Overall though I'd say great design + sales pitch. I think if the product delivers on enough features you will have something here. Great job!

  • It doesn't look like they collect or store languages, geolocations, or devices beyond screen sizes.

    • And even if they did, if it is stored as aggregates, I (as a visitor) wouldn't mind.

Just a heads up, HN comments only use a (I think) small subset of Markdown for formatting, but your link will work as is without having to wrap it in [] and adding the ().

https://github.com/simpleanalytics/cdn.simpleanalytics.io/bl...

https://simpleanalytics.io/what-we-collect

Anyway, cool project! I've always felt the same about using GA given I actually like to pretend I have some sort of privacy these days, and always have an adblocker on, so I hated setting it up for people. Definitely will be keeping an eye on this the next time someone asks me to setup GA.

> The script is publicly available

Nice. You might want to add an explicit copyright/license though. Make it less (or more) dangerous for other devs to read it...

I think it could actually be quite useful to "standardize" on a simple (open/libre) front end for analytics (with an implied back-end standard).

Good Sir, props to you for including a noscript/image tag in the default code.

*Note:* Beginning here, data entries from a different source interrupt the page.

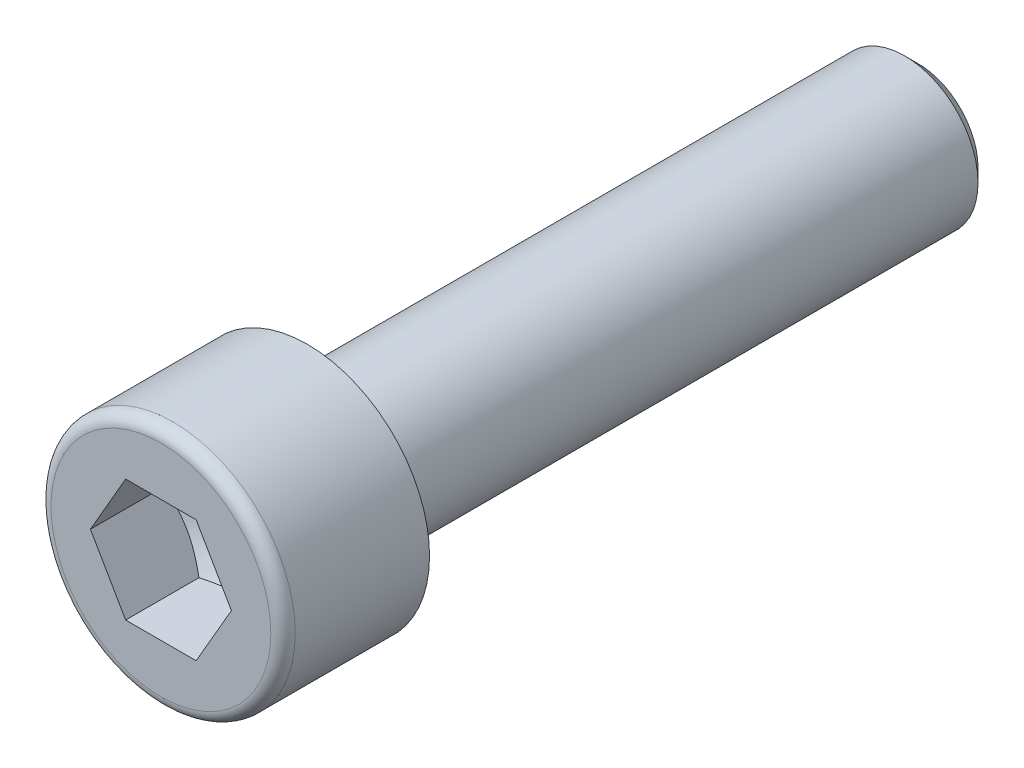
ISO-10303-21;
HEADER;
FILE_DESCRIPTION(('STEP AP214'),'2;1');
FILE_NAME('part.step','',(''),(''),'','','');
FILE_SCHEMA(('AUTOMOTIVE_DESIGN { 1 0 10303 214 1 1 1 1 }'));
ENDSEC;
DATA;
#1=APPLICATION_CONTEXT('core data for automotive mechanical design processes');
#2=APPLICATION_PROTOCOL_DEFINITION('international standard','automotive_design',2000,#1);
#3=PRODUCT_CONTEXT('',#1,'mechanical');
#4=PRODUCT('Part','Part','',(#3));
#5=PRODUCT_RELATED_PRODUCT_CATEGORY('part','',(#4));
#6=PRODUCT_DEFINITION_FORMATION('','',#4);
#7=PRODUCT_DEFINITION_CONTEXT('part definition',#1,'design');
#8=PRODUCT_DEFINITION('design','',#6,#7);
#9=PRODUCT_DEFINITION_SHAPE('','',#8);
#10=(LENGTH_UNIT() NAMED_UNIT(*) SI_UNIT(.MILLI.,.METRE.));
#11=(NAMED_UNIT(*) PLANE_ANGLE_UNIT() SI_UNIT($,.RADIAN.));
#12=(NAMED_UNIT(*) SI_UNIT($,.STERADIAN.) SOLID_ANGLE_UNIT());
#13=UNCERTAINTY_MEASURE_WITH_UNIT(LENGTH_MEASURE(1.E-05),#10,'distance_accuracy_value','');
#14=(GEOMETRIC_REPRESENTATION_CONTEXT(3) GLOBAL_UNCERTAINTY_ASSIGNED_CONTEXT((#13)) GLOBAL_UNIT_ASSIGNED_CONTEXT((#10,
#11,#12)) REPRESENTATION_CONTEXT('',''));
#15=CARTESIAN_POINT('',(0.,0.,0.));
#16=DIRECTION('',(0.,0.,1.));
#17=DIRECTION('',(1.,0.,0.));
#18=AXIS2_PLACEMENT_3D('',#15,#16,#17);
#19=CARTESIAN_POINT('',(0.,4.5,6.));
#20=DIRECTION('',(0.,0.,-1.));
#21=DIRECTION('',(-1.,0.,0.));
#22=AXIS2_PLACEMENT_3D('',#19,#20,#21);
#23=PLANE('',#22);
#24=CARTESIAN_POINT('',(0.,0.,6.));
#25=DIRECTION('',(0.,0.,1.));
#26=DIRECTION('',(1.,0.,0.));
#27=AXIS2_PLACEMENT_3D('',#24,#25,#26);
#28=CIRCLE('',#27,4.5);
#29=CARTESIAN_POINT('',(4.5,0.,6.));
#30=VERTEX_POINT('',#29);
#31=EDGE_CURVE('E124',#30,#30,#28,.T.);
#32=ORIENTED_EDGE('',*,*,#31,.T.);
#33=EDGE_LOOP('',(#32));
#34=FACE_BOUND('',#33,.T.);
#35=DIRECTION('',(0.5,-0.866025403784439,0.));
#36=VECTOR('',#35,1.);
#37=CARTESIAN_POINT('',(1.443375,2.49999883437473,6.));
#38=LINE('',#37,#36);
#39=CARTESIAN_POINT('',(1.443375,2.49999883437473,6.));
#40=VERTEX_POINT('',#39);
#41=CARTESIAN_POINT('',(2.88675,0.,6.));
#42=VERTEX_POINT('',#41);
#43=EDGE_CURVE('E30',#40,#42,#38,.T.);
#44=ORIENTED_EDGE('',*,*,#43,.T.);
#45=DIRECTION('',(-0.5,-0.866025403784439,0.));
#46=VECTOR('',#45,1.);
#47=CARTESIAN_POINT('',(2.88675,0.,6.));
#48=LINE('',#47,#46);
#49=CARTESIAN_POINT('',(1.443375,-2.49999883437473,6.));
#50=VERTEX_POINT('',#49);
#51=EDGE_CURVE('E171',#42,#50,#48,.T.);
#52=ORIENTED_EDGE('',*,*,#51,.T.);
#53=DIRECTION('',(-1.,0.,0.));
#54=VECTOR('',#53,1.);
#55=CARTESIAN_POINT('',(1.443375,-2.49999883437473,6.));
#56=LINE('',#55,#54);
#57=CARTESIAN_POINT('',(-1.443375,-2.49999883437473,6.));
#58=VERTEX_POINT('',#57);
#59=EDGE_CURVE('E176',#50,#58,#56,.T.);
#60=ORIENTED_EDGE('',*,*,#59,.T.);
#61=DIRECTION('',(-0.5,0.866025403784439,0.));
#62=VECTOR('',#61,1.);
#63=CARTESIAN_POINT('',(-1.443375,-2.49999883437473,6.));
#64=LINE('',#63,#62);
#65=CARTESIAN_POINT('',(-2.88675,0.,6.));
#66=VERTEX_POINT('',#65);
#67=EDGE_CURVE('E180',#58,#66,#64,.T.);
#68=ORIENTED_EDGE('',*,*,#67,.T.);
#69=DIRECTION('',(0.5,0.866025403784439,0.));
#70=VECTOR('',#69,1.);
#71=CARTESIAN_POINT('',(-2.88675,0.,6.));
#72=LINE('',#71,#70);
#73=CARTESIAN_POINT('',(-1.443375,2.49999883437473,6.));
#74=VERTEX_POINT('',#73);
#75=EDGE_CURVE('E102',#66,#74,#72,.T.);
#76=ORIENTED_EDGE('',*,*,#75,.T.);
#77=DIRECTION('',(1.,0.,0.));
#78=VECTOR('',#77,1.);
#79=CARTESIAN_POINT('',(-1.443375,2.49999883437473,6.));
#80=LINE('',#79,#78);
#81=EDGE_CURVE('E93',#74,#40,#80,.T.);
#82=ORIENTED_EDGE('',*,*,#81,.T.);
#83=EDGE_LOOP('',(#44,#52,#60,#68,#76,#82));
#84=FACE_BOUND('',#83,.T.);
#85=ADVANCED_FACE('F15',(#34,#84),#23,.F.);
#86=CARTESIAN_POINT('',(0.,0.,0.));
#87=DIRECTION('',(0.,0.,1.));
#88=DIRECTION('',(1.,0.,0.));
#89=AXIS2_PLACEMENT_3D('',#86,#87,#88);
#90=PLANE('',#89);
#91=CARTESIAN_POINT('',(0.,0.,0.));
#92=DIRECTION('',(0.,0.,1.));
#93=DIRECTION('',(1.,0.,0.));
#94=AXIS2_PLACEMENT_3D('',#91,#92,#93);
#95=CIRCLE('',#94,5.);
#96=CARTESIAN_POINT('',(5.,0.,0.));
#97=VERTEX_POINT('',#96);
#98=EDGE_CURVE('E23',#97,#97,#95,.T.);
#99=ORIENTED_EDGE('',*,*,#98,.F.);
#100=EDGE_LOOP('',(#99));
#101=FACE_BOUND('',#100,.T.);
#102=CARTESIAN_POINT('',(0.,0.,0.));
#103=DIRECTION('',(0.,0.,1.));
#104=DIRECTION('',(1.,0.,0.));
#105=AXIS2_PLACEMENT_3D('',#102,#103,#104);
#106=CIRCLE('',#105,3.);
#107=CARTESIAN_POINT('',(3.,0.,0.));
#108=VERTEX_POINT('',#107);
#109=EDGE_CURVE('E10',#108,#108,#106,.F.);
#110=ORIENTED_EDGE('',*,*,#109,.F.);
#111=EDGE_LOOP('',(#110));
#112=FACE_BOUND('',#111,.T.);
#113=ADVANCED_FACE('F139',(#101,#112),#90,.F.);
#114=CARTESIAN_POINT('',(0.,0.,6.));
#115=DIRECTION('',(0.,0.,1.));
#116=DIRECTION('',(1.,0.,0.));
#117=AXIS2_PLACEMENT_3D('',#114,#115,#116);
#118=CYLINDRICAL_SURFACE('',#117,5.);
#119=CARTESIAN_POINT('',(0.,0.,5.5));
#120=DIRECTION('',(0.,0.,1.));
#121=DIRECTION('',(1.,0.,0.));
#122=AXIS2_PLACEMENT_3D('',#119,#120,#121);
#123=CIRCLE('',#122,5.);
#124=CARTESIAN_POINT('',(5.,0.,5.5));
#125=VERTEX_POINT('',#124);
#126=EDGE_CURVE('E128',#125,#125,#123,.T.);
#127=ORIENTED_EDGE('',*,*,#126,.F.);
#128=EDGE_LOOP('',(#127));
#129=FACE_BOUND('',#128,.T.);
#130=ORIENTED_EDGE('',*,*,#98,.T.);
#131=EDGE_LOOP('',(#130));
#132=FACE_BOUND('',#131,.T.);
#133=ADVANCED_FACE('F137',(#129,#132),#118,.T.);
#134=CARTESIAN_POINT('',(0.,0.,5.5));
#135=DIRECTION('',(0.,0.,1.));
#136=DIRECTION('',(1.,0.,0.));
#137=AXIS2_PLACEMENT_3D('',#134,#135,#136);
#138=TOROIDAL_SURFACE('',#137,4.5,0.5);
#139=ORIENTED_EDGE('',*,*,#31,.F.);
#140=EDGE_LOOP('',(#139));
#141=FACE_BOUND('',#140,.T.);
#142=ORIENTED_EDGE('',*,*,#126,.T.);
#143=EDGE_LOOP('',(#142));
#144=FACE_BOUND('',#143,.T.);
#145=ADVANCED_FACE('F147',(#141,#144),#138,.T.);
#146=CARTESIAN_POINT('',(0.,0.,0.));
#147=DIRECTION('',(0.,0.,1.));
#148=DIRECTION('',(1.,0.,0.));
#149=AXIS2_PLACEMENT_3D('',#146,#147,#148);
#150=CYLINDRICAL_SURFACE('',#149,3.);
#151=CARTESIAN_POINT('',(0.,0.,-24.45875));
#152=DIRECTION('',(0.,0.,1.));
#153=DIRECTION('',(1.,0.,0.));
#154=AXIS2_PLACEMENT_3D('',#151,#152,#153);
#155=CIRCLE('',#154,3.);
#156=CARTESIAN_POINT('',(3.,0.,-24.45875));
#157=VERTEX_POINT('',#156);
#158=EDGE_CURVE('E116',#157,#157,#155,.T.);
#159=ORIENTED_EDGE('',*,*,#158,.T.);
#160=EDGE_LOOP('',(#159));
#161=FACE_BOUND('',#160,.T.);
#162=ORIENTED_EDGE('',*,*,#109,.T.);
#163=EDGE_LOOP('',(#162));
#164=FACE_BOUND('',#163,.T.);
#165=ADVANCED_FACE('F144',(#161,#164),#150,.T.);
#166=CARTESIAN_POINT('',(0.,0.,-25.));
#167=DIRECTION('',(0.,0.,1.));
#168=DIRECTION('',(1.,0.,0.));
#169=AXIS2_PLACEMENT_3D('',#166,#167,#168);
#170=PLANE('',#169);
#171=CARTESIAN_POINT('',(0.,0.,-25.));
#172=DIRECTION('',(0.,0.,1.));
#173=DIRECTION('',(1.,0.,0.));
#174=AXIS2_PLACEMENT_3D('',#171,#172,#173);
#175=CIRCLE('',#174,2.45875);
#176=CARTESIAN_POINT('',(2.45875,0.,-25.));
#177=VERTEX_POINT('',#176);
#178=EDGE_CURVE('E120',#177,#177,#175,.T.);
#179=ORIENTED_EDGE('',*,*,#178,.F.);
#180=EDGE_LOOP('',(#179));
#181=FACE_BOUND('',#180,.T.);
#182=ADVANCED_FACE('F146',(#181),#170,.F.);
#183=CARTESIAN_POINT('',(0.,0.,-25.));
#184=DIRECTION('',(0.,0.,1.));
#185=DIRECTION('',(1.,0.,0.));
#186=AXIS2_PLACEMENT_3D('',#183,#184,#185);
#187=CONICAL_SURFACE('',#186,2.45875,0.785398163397453);
#188=ORIENTED_EDGE('',*,*,#158,.F.);
#189=EDGE_LOOP('',(#188));
#190=FACE_BOUND('',#189,.T.);
#191=ORIENTED_EDGE('',*,*,#178,.T.);
#192=EDGE_LOOP('',(#191));
#193=FACE_BOUND('',#192,.T.);
#194=ADVANCED_FACE('F155',(#190,#193),#187,.T.);
#195=CARTESIAN_POINT('',(1.443375,2.49999883437473,1.33333411041685));
#196=DIRECTION('',(-0.866025403784439,-0.5,0.));
#197=DIRECTION('',(-0.5,0.866025403784438,0.));
#198=AXIS2_PLACEMENT_3D('',#195,#196,#197);
#199=PLANE('',#198);
#200=DIRECTION('',(0.,0.,1.));
#201=VECTOR('',#200,1.);
#202=CARTESIAN_POINT('',(2.88675,0.,1.33333411041685));
#203=LINE('',#202,#201);
#204=CARTESIAN_POINT('',(2.88675,0.,3.));
#205=VERTEX_POINT('',#204);
#206=EDGE_CURVE('E114',#205,#42,#203,.T.);
#207=ORIENTED_EDGE('',*,*,#206,.T.);
#208=ORIENTED_EDGE('',*,*,#43,.F.);
#209=DIRECTION('',(0.,0.,1.));
#210=VECTOR('',#209,1.);
#211=CARTESIAN_POINT('',(1.443375,2.49999883437473,1.33333411041685));
#212=LINE('',#211,#210);
#213=CARTESIAN_POINT('',(1.443375,2.49999883437473,3.));
#214=VERTEX_POINT('',#213);
#215=EDGE_CURVE('E86',#214,#40,#212,.T.);
#216=ORIENTED_EDGE('',*,*,#215,.F.);
#217=CARTESIAN_POINT('',(2.88675115470054,-2.E-06,3.00000066666707));
#218=CARTESIAN_POINT('',(2.82332354535897,0.109857841982227,2.96337006039726));
#219=CARTESIAN_POINT('',(2.75934842983882,0.220665992483223,2.93005643273496));
#220=CARTESIAN_POINT('',(2.63029051087885,0.444200865240994,2.87190847700775));
#221=CARTESIAN_POINT('',(2.56520541506427,0.556931558007335,2.84709471727335));
#222=CARTESIAN_POINT('',(2.4358417909861,0.78099592756197,2.8084702850323));
#223=CARTESIAN_POINT('',(2.37158316147789,0.892295138694932,2.79440251599447));
#224=CARTESIAN_POINT('',(2.24276369983448,1.11541699126498,2.77761163079658));
#225=CARTESIAN_POINT('',(2.17820333560637,1.22723882226323,2.77487460704407));
#226=CARTESIAN_POINT('',(2.05757906871724,1.43616618114094,2.7805828840092));
#227=CARTESIAN_POINT('',(2.00149706603362,1.53330305917919,2.78762661346734));
#228=CARTESIAN_POINT('',(1.88969841687931,1.72694399973201,2.8099466525033));
#229=CARTESIAN_POINT('',(1.83398215680598,1.82344739298676,2.82523057920943));
#230=CARTESIAN_POINT('',(1.72195318911858,2.01748725694082,2.86343746342627));
#231=CARTESIAN_POINT('',(1.66565465323697,2.1149991814795,2.88652230296935));
#232=CARTESIAN_POINT('',(1.55389703460282,2.30856905508676,2.93891513912548));
#233=CARTESIAN_POINT('',(1.49843652119396,2.40462948212476,2.96821083329068));
#234=CARTESIAN_POINT('',(1.44337384529946,2.50000083437473,3.00000066666707));
#235=B_SPLINE_CURVE_WITH_KNOTS('',3,(#217,#218,#219,#220,#221,#222,#223,#224,#225,#226,#227,
#228,#229,#230,#231,#232,#233,#234),.UNSPECIFIED.,.F.,.F.,(4,2,2,2,2,2,2,2,4),(0.,
0.396269987805477,0.793492221888839,1.1808844206854,1.56780098500208,1.90463546712439,
2.24178184973835,2.58640455505215,2.93035090593904),.UNSPECIFIED.);
#236=EDGE_CURVE('E78',#205,#214,#235,.T.);
#237=ORIENTED_EDGE('',*,*,#236,.F.);
#238=EDGE_LOOP('',(#207,#208,#216,#237));
#239=FACE_BOUND('',#238,.T.);
#240=ADVANCED_FACE('F87',(#239),#199,.T.);
#241=CARTESIAN_POINT('',(2.88675,0.,1.33333411041685));
#242=DIRECTION('',(-0.866025403784439,0.5,0.));
#243=DIRECTION('',(0.5,0.866025403784439,0.));
#244=AXIS2_PLACEMENT_3D('',#241,#242,#243);
#245=PLANE('',#244);
#246=DIRECTION('',(0.,0.,1.));
#247=VECTOR('',#246,1.);
#248=CARTESIAN_POINT('',(1.443375,-2.49999883437473,1.33333411041685));
#249=LINE('',#248,#247);
#250=CARTESIAN_POINT('',(1.443375,-2.49999883437473,3.));
#251=VERTEX_POINT('',#250);
#252=EDGE_CURVE('E111',#251,#50,#249,.T.);
#253=ORIENTED_EDGE('',*,*,#252,.T.);
#254=ORIENTED_EDGE('',*,*,#51,.F.);
#255=ORIENTED_EDGE('',*,*,#206,.F.);
#256=CARTESIAN_POINT('',(1.44337384529946,-2.50000083437473,3.00000066666707));
#257=CARTESIAN_POINT('',(1.50680145464103,-2.3901409923925,2.96337006039726));
#258=CARTESIAN_POINT('',(1.57077657016118,-2.27933284189151,2.93005643273496));
#259=CARTESIAN_POINT('',(1.69983448912115,-2.05579796913373,2.87190847700775));
#260=CARTESIAN_POINT('',(1.76491958493573,-1.94306727636739,2.84709471727335));
#261=CARTESIAN_POINT('',(1.8942832090139,-1.71900290681276,2.8084702850323));
#262=CARTESIAN_POINT('',(1.95854183852211,-1.6077036956798,2.79440251599447));
#263=CARTESIAN_POINT('',(2.08736130016552,-1.38458184310974,2.77761163079658));
#264=CARTESIAN_POINT('',(2.15192166439363,-1.2727600121115,2.77487460704408));
#265=CARTESIAN_POINT('',(2.27254593128276,-1.06383265323379,2.7805828840092));
#266=CARTESIAN_POINT('',(2.32862793396638,-0.966695775195541,2.78762661346734));
#267=CARTESIAN_POINT('',(2.44042658312069,-0.773054834642715,2.8099466525033));
#268=CARTESIAN_POINT('',(2.49614284319403,-0.676551441387972,2.82523057920943));
#269=CARTESIAN_POINT('',(2.60817181088142,-0.482511577433911,2.86343746342627));
#270=CARTESIAN_POINT('',(2.66447034676303,-0.384999652895224,2.88652230296935));
#271=CARTESIAN_POINT('',(2.77622796539718,-0.191429779287974,2.93891513912548));
#272=CARTESIAN_POINT('',(2.83168847880604,-0.0953693522499732,2.96821083329068));
#273=CARTESIAN_POINT('',(2.88675115470054,2.00000000025213E-06,3.00000066666707));
#274=B_SPLINE_CURVE_WITH_KNOTS('',3,(#256,#257,#258,#259,#260,#261,#262,#263,#264,#265,#266,
#267,#268,#269,#270,#271,#272,#273),.UNSPECIFIED.,.F.,.F.,(4,2,2,2,2,2,2,2,4),(0.,
0.396269987805478,0.79349222188884,1.1808844206854,1.56780098500208,1.90463546712439,
2.24178184973836,2.58640455505215,2.93035090593904),.UNSPECIFIED.);
#275=EDGE_CURVE('E82',#251,#205,#274,.T.);
#276=ORIENTED_EDGE('',*,*,#275,.F.);
#277=EDGE_LOOP('',(#253,#254,#255,#276));
#278=FACE_BOUND('',#277,.T.);
#279=ADVANCED_FACE('F236',(#278),#245,.T.);
#280=CARTESIAN_POINT('',(1.443375,-2.49999883437473,1.33333411041685));
#281=DIRECTION('',(0.,1.,0.));
#282=DIRECTION('',(1.,0.,0.));
#283=AXIS2_PLACEMENT_3D('',#280,#281,#282);
#284=PLANE('',#283);
#285=DIRECTION('',(0.,0.,1.));
#286=VECTOR('',#285,1.);
#287=CARTESIAN_POINT('',(-1.443375,-2.49999883437473,1.33333411041685));
#288=LINE('',#287,#286);
#289=CARTESIAN_POINT('',(-1.443375,-2.49999883437473,3.));
#290=VERTEX_POINT('',#289);
#291=EDGE_CURVE('E108',#290,#58,#288,.T.);
#292=ORIENTED_EDGE('',*,*,#291,.T.);
#293=ORIENTED_EDGE('',*,*,#59,.F.);
#294=ORIENTED_EDGE('',*,*,#252,.F.);
#295=CARTESIAN_POINT('',(-3.73786106214979,-2.49999883437473,3.92958778907324));
#296=CARTESIAN_POINT('',(-3.62990250335969,-2.49999883437473,3.87779335774325));
#297=CARTESIAN_POINT('',(-3.52168094276801,-2.49999883437473,3.82653690477121));
#298=CARTESIAN_POINT('',(-3.30457164494513,-2.49999883437473,3.72540514162743));
#299=CARTESIAN_POINT('',(-3.19568379207403,-2.49999883437473,3.67553008001432));
#300=CARTESIAN_POINT('',(-2.9764774054262,-2.49999883437473,3.57718765766728));
#301=CARTESIAN_POINT('',(-2.86615419981139,-2.49999883437473,3.52873067133896));
#302=CARTESIAN_POINT('',(-2.64458202847932,-2.49999883437473,3.4339896311619));
#303=CARTESIAN_POINT('',(-2.53333311125245,-2.49999883437473,3.38770546433014));
#304=CARTESIAN_POINT('',(-2.30680205819545,-2.49999883437473,3.2967100755852));
#305=CARTESIAN_POINT('',(-2.19149052050016,-2.49999883437473,3.2520716190807));
#306=CARTESIAN_POINT('',(-1.95947266398433,-2.49999883437473,3.1665059843482));
#307=CARTESIAN_POINT('',(-1.84276618516189,-2.49999883437473,3.12557923657333));
#308=CARTESIAN_POINT('',(-1.60804233924781,-2.49999883437473,3.04860739009266));
#309=CARTESIAN_POINT('',(-1.49002871456052,-2.49999883437473,3.01255100191558));
#310=CARTESIAN_POINT('',(-1.25231014409633,-2.49999883437473,2.94655294839667));
#311=CARTESIAN_POINT('',(-1.13260562628878,-2.49999883437473,2.91660976441946));
#312=CARTESIAN_POINT('',(-0.891754624847682,-2.49999883437473,2.86443431611274));
#313=CARTESIAN_POINT('',(-0.770611640017906,-2.49999883437473,2.84218621451804));
#314=CARTESIAN_POINT('',(-0.526970339246118,-2.49999883437473,2.8068577746921));
#315=CARTESIAN_POINT('',(-0.404472115461951,-2.49999883437473,2.79377681692952));
#316=CARTESIAN_POINT('',(-0.160266323051493,-2.49999883437473,2.7779963214066));
#317=CARTESIAN_POINT('',(-0.0385668667227562,-2.49999883437473,2.77517427588141));
#318=CARTESIAN_POINT('',(0.204641816788917,-2.49999883437473,2.77983589012324));
#319=CARTESIAN_POINT('',(0.326151031726512,-2.49999883437473,2.78732018801759));
#320=CARTESIAN_POINT('',(0.536550258909014,-2.49999883437473,2.80869871352845));
#321=CARTESIAN_POINT('',(0.62567290534766,-2.49999883437473,2.82040889034712));
#322=CARTESIAN_POINT('',(0.80317291802574,-2.49999883437473,2.84856827951529));
#323=CARTESIAN_POINT('',(0.89155015258231,-2.49999883437473,2.86501831186796));
#324=CARTESIAN_POINT('',(1.15551819105506,-2.49999883437473,2.920608175745));
#325=CARTESIAN_POINT('',(1.32980784141715,-2.49999883437473,2.96597208143992));
#326=CARTESIAN_POINT('',(1.59042319619559,-2.49999883437473,3.04347409361569));
#327=CARTESIAN_POINT('',(1.6781227038712,-2.49999883437473,3.07124565241289));
#328=CARTESIAN_POINT('',(1.85261386594625,-2.49999883437473,3.12935698644029));
#329=CARTESIAN_POINT('',(1.93940604944137,-2.49999883437473,3.15969515890171));
#330=CARTESIAN_POINT('',(2.11219208096506,-2.49999883437473,3.2225001255257));
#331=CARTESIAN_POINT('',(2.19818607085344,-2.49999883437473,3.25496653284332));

Google Analytics didn't do it for the longest time, and in fact may still not do it.

Whether on purpose or by accident (or simply by mental bias) they seriously misrepresent the amount of people for whom JavaScript is blocked, not loading, disabled by default for unknown websites (me) or not available for any other reason.

Website owners and creators should at least have that information as a reliable metric to base their development choices on.

This is pretty much exactly what I have been looking for. I recently ditched Google Analytics and all other possible third party resources (except for YouTube which I implemented a click to play system) on my blog (consto.uk).

I just have a quick question. What subset of the javascript implementation does the tracking pixel provide? If all that is missing is screen size, I might just choose that to avoid running third party code. For performance, I combine, minify, and embed all scripts and styles into each page which lets me acheive perfect scores in the Chrome Auditor.

If you could track pageload time and show a distribution of that per page time - I would buy this in a second.

Nice product!

Could I ask what tech you're using for the graph data? I'm working on a similar SaaS (not analytics) which requires graphs. I'm a DevOps engineer for an ISP, and I do a lot of work with things like Graphite/Carbon, Prometheus and so on - but I can't seem to settle on what to use for personal projects. Do you use a TSDB at all? Or are you just storing it in SQL for now?

Thanks for making something simple and elegant.

Main question: How are you handling Safari Intelligent Tracking Protection 2.0?

> like sending requests as JSON requires an extra (pre-flight) request, so in my script I use the "text/plain" content type, which does not require an extra request.

what are the security implications of this?

  • He's talking about skipping CORS by using a "plain" request. Avoiding CORS is not a huge security vulnerability afaik.

nice job! i like the direction you are taking with this project. it's still young, so we don't know X) you might get bitten too lol

anyways, wish you the best luck with your endeavor. btw you might want to fix links above.